Extracted data:

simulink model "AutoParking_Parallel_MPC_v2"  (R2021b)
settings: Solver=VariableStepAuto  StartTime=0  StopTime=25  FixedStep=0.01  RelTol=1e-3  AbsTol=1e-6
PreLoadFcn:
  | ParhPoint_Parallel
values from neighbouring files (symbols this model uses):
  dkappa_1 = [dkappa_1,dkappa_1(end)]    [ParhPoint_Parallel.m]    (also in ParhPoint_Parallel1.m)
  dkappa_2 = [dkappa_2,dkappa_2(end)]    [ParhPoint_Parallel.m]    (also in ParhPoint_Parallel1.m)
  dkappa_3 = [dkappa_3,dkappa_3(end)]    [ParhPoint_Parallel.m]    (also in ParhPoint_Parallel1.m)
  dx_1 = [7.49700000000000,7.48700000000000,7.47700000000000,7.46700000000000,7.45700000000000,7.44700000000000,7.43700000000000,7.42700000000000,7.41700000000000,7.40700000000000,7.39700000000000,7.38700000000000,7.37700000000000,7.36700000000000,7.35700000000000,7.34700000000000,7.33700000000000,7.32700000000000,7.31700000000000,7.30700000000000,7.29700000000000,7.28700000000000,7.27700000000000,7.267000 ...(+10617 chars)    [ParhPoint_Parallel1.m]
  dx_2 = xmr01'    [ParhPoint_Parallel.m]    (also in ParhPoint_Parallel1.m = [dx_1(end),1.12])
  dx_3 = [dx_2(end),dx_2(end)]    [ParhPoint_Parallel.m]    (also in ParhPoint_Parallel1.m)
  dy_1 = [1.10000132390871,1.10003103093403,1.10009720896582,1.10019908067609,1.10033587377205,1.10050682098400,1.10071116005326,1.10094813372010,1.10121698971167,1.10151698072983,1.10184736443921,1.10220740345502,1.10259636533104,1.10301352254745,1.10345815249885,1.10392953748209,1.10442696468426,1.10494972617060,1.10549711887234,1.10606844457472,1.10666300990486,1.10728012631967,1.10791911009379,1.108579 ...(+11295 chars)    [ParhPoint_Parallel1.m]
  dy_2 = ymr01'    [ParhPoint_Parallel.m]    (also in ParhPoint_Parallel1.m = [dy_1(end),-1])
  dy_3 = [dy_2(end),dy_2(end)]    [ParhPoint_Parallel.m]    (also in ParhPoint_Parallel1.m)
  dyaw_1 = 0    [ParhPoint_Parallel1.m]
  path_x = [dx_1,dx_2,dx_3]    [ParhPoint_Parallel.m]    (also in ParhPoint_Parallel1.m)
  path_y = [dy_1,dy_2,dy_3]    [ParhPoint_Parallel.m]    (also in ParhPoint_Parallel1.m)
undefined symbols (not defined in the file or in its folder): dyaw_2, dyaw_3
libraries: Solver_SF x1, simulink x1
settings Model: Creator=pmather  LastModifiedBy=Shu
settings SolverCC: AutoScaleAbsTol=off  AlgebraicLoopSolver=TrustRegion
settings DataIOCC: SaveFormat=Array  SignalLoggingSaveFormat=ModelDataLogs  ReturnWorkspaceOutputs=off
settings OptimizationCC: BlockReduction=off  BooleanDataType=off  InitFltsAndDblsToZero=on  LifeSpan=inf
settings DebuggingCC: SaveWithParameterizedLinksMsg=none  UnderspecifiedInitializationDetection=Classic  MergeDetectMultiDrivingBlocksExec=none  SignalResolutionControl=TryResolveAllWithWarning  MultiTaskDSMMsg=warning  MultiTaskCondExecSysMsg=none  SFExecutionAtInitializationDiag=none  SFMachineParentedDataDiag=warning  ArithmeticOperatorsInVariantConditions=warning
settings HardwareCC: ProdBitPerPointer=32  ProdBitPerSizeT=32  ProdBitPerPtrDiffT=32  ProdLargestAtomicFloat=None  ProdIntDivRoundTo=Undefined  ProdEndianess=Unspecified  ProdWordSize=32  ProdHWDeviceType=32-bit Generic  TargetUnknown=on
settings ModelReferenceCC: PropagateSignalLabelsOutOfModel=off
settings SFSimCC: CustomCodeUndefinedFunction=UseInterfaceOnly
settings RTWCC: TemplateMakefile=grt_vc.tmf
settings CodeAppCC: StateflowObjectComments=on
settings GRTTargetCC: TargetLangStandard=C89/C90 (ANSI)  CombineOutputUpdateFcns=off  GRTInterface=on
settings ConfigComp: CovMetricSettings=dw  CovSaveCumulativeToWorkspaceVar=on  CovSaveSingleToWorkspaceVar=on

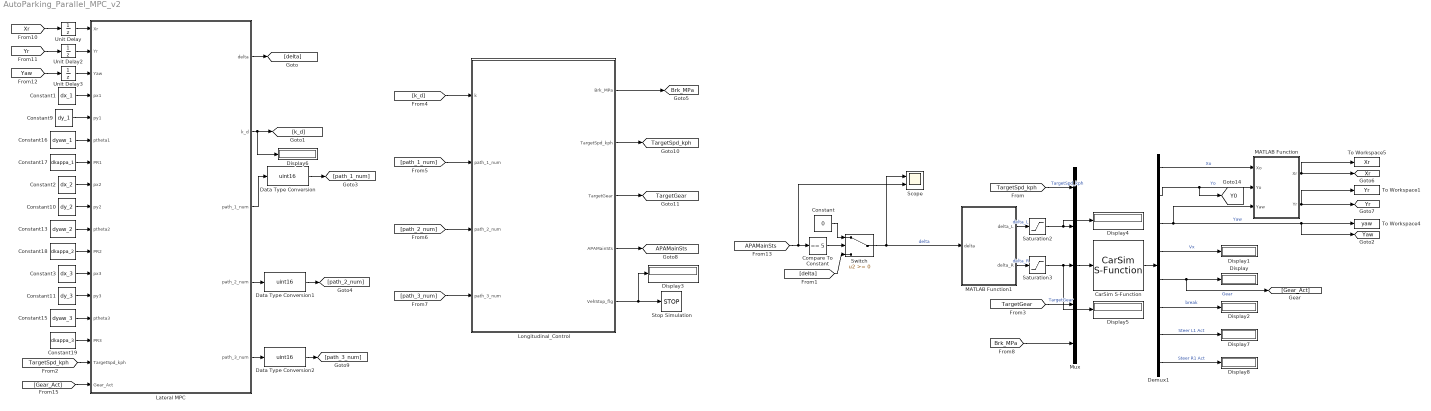
== system AutoParking_Parallel_MPC_v2 ==
  CarSim S-Function : Solver_SF/CarSim S-Function  Priority=1  SIMFILE=simfile.sim
  Compare To Constant : simulink/Logic and Bit Operations/Compare To Constant  relop===  const=5  OutDataTypeStr=boolean
  Constant : Constant  Value=0
  Constant1 : Constant  Value=dx_1
  Constant10 : Constant  Value=dy_2
  Constant11 : Constant  Value=dy_3
  Constant13 : Constant  Value=dyaw_2
  Constant15 : Constant  Value=dyaw_3
  Constant16 : Constant  Value=dyaw_1
  Constant17 : Constant  Value=dkappa_1
  Constant18 : Constant  Value=dkappa_2
  Constant19 : Constant  Value=dkappa_3
  Constant2 : Constant  Value=dx_2
  Constant3 : Constant  Value=dx_3
  Constant9 : Constant  Value=dy_1
  Data Type Conversion : DataTypeConversion  OutDataTypeStr=uint16
  Data Type Conversion1 : DataTypeConversion  OutDataTypeStr=uint16
  Data Type Conversion2 : DataTypeConversion  OutDataTypeStr=uint16
  Demux1 : Demux  Outputs=8
  Display{,1..8} (9 alike) : Display
  Lateral MPC : Subsystem
  Longitudinal_Control : Subsystem
  MATLAB Function : MATLAB Function  TreatAsAtomicUnit=on
  MATLAB Function1 : MATLAB Function  TreatAsAtomicUnit=on
  Mux : Mux  Inputs=5
  Saturation2 : Saturate  UpperLimit=34  LowerLimit=-34
  Saturation3 : Saturate  UpperLimit=34  LowerLimit=-34
  Scope : Scope  NumInputPorts=2
  Stop Simulation : Stop
  Switch : Switch
  To Workspace1 : ToWorkspace  VariableName=Yr  SaveFormat=Timeseries  SampleTime=-1
  To Workspace4 : ToWorkspace  VariableName=yaw  SaveFormat=Timeseries  SampleTime=-1
  To Workspace5 : ToWorkspace  VariableName=Xr  SaveFormat=Timeseries  SampleTime=-1
  Unit Delay : UnitDelay  InitialCondition=1.5  SampleTime=-1  HasFrameUpgradeWarning=on
  Unit Delay2 : UnitDelay  InitialCondition=2.5  SampleTime=-1  HasFrameUpgradeWarning=on
  Unit Delay3 : UnitDelay  SampleTime=-1  HasFrameUpgradeWarning=on
  tag scope: APAMainSts=global, Brk_MPa=global, TargetGear=global, TargetSpd_kph=global, Xr=global, Y0=global, Yaw=global, Yr=global
  wires:
  Mux/1 -> CarSim S-Function/1
  CarSim S-Function/1 -> Demux1/1
  Demux1/1 -> MATLAB Function/1(Xo)  "Xo"
  Demux1/2 -> [Y0], MATLAB Function/2(Yo)  "Yo"
  Demux1/3 -> [Yaw], To Workspace4/1, MATLAB Function/3(Yaw)  "Yaw"
  Demux1/4 -> Display1/1  "Vx"
  MATLAB Function/1(Xr) -> To Workspace5/1, [Xr]
  Longitudinal_Control/1(Brk_MPa) -> [Brk_MPa]
  [Yaw] -> Unit Delay3/1
  [Yr] -> Unit Delay2/1
  [Xr] -> Unit Delay/1
  Unit Delay2/1 -> Lateral MPC/2(Yr)
  Unit Delay/1 -> Lateral MPC/1(Xr)
  Unit Delay3/1 -> Lateral MPC/3(Yaw)
  Constant19/1 -> Lateral MPC/15(PR3)
  Constant18/1 -> Lateral MPC/11(PR2)
  Constant17/1 -> Lateral MPC/7(PR1)
  Constant15/1 -> Lateral MPC/14(ptheta3)
  Constant13/1 -> Lateral MPC/10(ptheta2)
  Constant16/1 -> Lateral MPC/6(ptheta1)
  Constant11/1 -> Lateral MPC/13(py3)
  Constant10/1 -> Lateral MPC/9(py2)
  Constant9/1 -> Lateral MPC/5(py1)
  Constant1/1 -> Lateral MPC/4(px1)
  Constant2/1 -> Lateral MPC/8(px2)
  Constant3/1 -> Lateral MPC/12(px3)
  [Brk_MPa] -> Mux/5
  Demux1/5 -> [Gear_Act], Display/1  "Gear"
  Demux1/6 -> Display2/1  "break"
  Longitudinal_Control/2(TargetSpd_kph) -> [TargetSpd_kph]
  [TargetSpd_kph] -> Mux/1  "TargetSpd_kph"
  Longitudinal_Control/3(TargetGear) -> [TargetGear]
  [TargetGear] -> Mux/4  "TargetGear"
  [TargetSpd_kph] -> Lateral MPC/16(TargetSpd_kph)
  MATLAB Function/2(Yr) -> To Workspace1/1, [Yr]
  Lateral MPC/1(delta) -> [delta]
  Lateral MPC/2(k_d) -> [k_d], Display6/1
  [k_d] -> Longitudinal_Control/1(k)
  [path_2_num] -> Longitudinal_Control/3(path_2_num)
  [path_3_num] -> Longitudinal_Control/4(path_3_num)
  [path_1_num] -> Longitudinal_Control/2(path_1_num)
  Lateral MPC/3(path_1_num) -> Data Type Conversion/1
  Data Type Conversion/1 -> [path_1_num]
  Lateral MPC/4(path_2_num) -> Data Type Conversion1/1
  Data Type Conversion1/1 -> [path_2_num]
  Lateral MPC/5(path_3_num) -> Data Type Conversion2/1
  Data Type Conversion2/1 -> [path_3_num]
  Demux1/7 -> Display7/1  "Steer L1 Act"
  Demux1/8 -> Display8/1  "Steer R1 Act"
  Saturation2/1 -> Display4/1, Mux/2
  Saturation3/1 -> Mux/3, Display5/1
  Longitudinal_Control/4(APAMainSts) -> [APAMainSts]
  Longitudinal_Control/5(VehStop_flg) -> Display3/1, Stop Simulation/1
  [Gear_Act] -> Lateral MPC/17(Gear_Act)
  Switch/1 -> MATLAB Function1/1(delta), Scope/1  "delta"
  MATLAB Function1/1(delta_L) -> Saturation2/1  "delta_L"
  MATLAB Function1/2(delta_R) -> Saturation3/1  "delta_R"
  [APAMainSts] -> Scope/2, Compare To Constant/1
  Compare To Constant/1 -> Switch/2
  Constant/1 -> Switch/1
  [delta] -> Switch/3

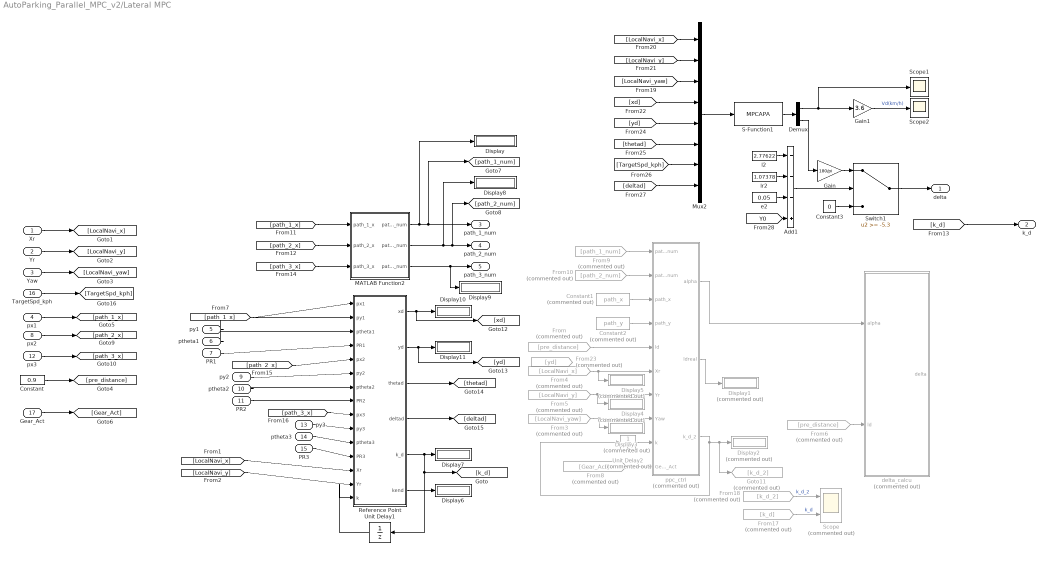
== system AutoParking_Parallel_MPC_v2/Lateral MPC ==
  Xr : Inport
  Yr : Inport  Port=2
  Yaw : Inport  Port=3
  px1 : Inport  Port=4
  py1 : Inport  Port=5
  ptheta1 : Inport  Port=6
  PR1 : Inport  Port=7
  px2 : Inport  Port=8
  py2 : Inport  Port=9
  ptheta2 : Inport  Port=10
  PR2 : Inport  Port=11
  px3 : Inport  Port=12
  py3 : Inport  Port=13
  ptheta3 : Inport  Port=14
  PR3 : Inport  Port=15
  TargetSpd_kph : Inport  Port=16
  Gear_Act : Inport  Port=17
  Add1 : Sum  Inputs=---+
  Constant : Constant  Value=0.9
  Constant1 : Constant  Commented=on  Value=path_x
  Constant2 : Constant  Commented=on  Value=path_y
  Constant3 : Constant  Value=0
  Demux : Demux  Outputs=2
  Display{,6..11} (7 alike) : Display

Aim of the exercise: Everything above from the line containing "values from neighbouring" through the line containing "dkappa_3 = [dkappa_3,dkappa_3(end)]" must be copied exactly. Nothing outside that range belongs in the answer.

Answer:
values from neighbouring files (symbols this model uses):
  dkappa_1 = [dkappa_1,dkappa_1(end)]    [ParhPoint_Parallel.m]    (also in ParhPoint_Parallel1.m)
  dkappa_2 = [dkappa_2,dkappa_2(end)]    [ParhPoint_Parallel.m]    (also in ParhPoint_Parallel1.m)
  dkappa_3 = [dkappa_3,dkappa_3(end)]    [ParhPoint_Parallel.m]    (also in ParhPoint_Parallel1.m)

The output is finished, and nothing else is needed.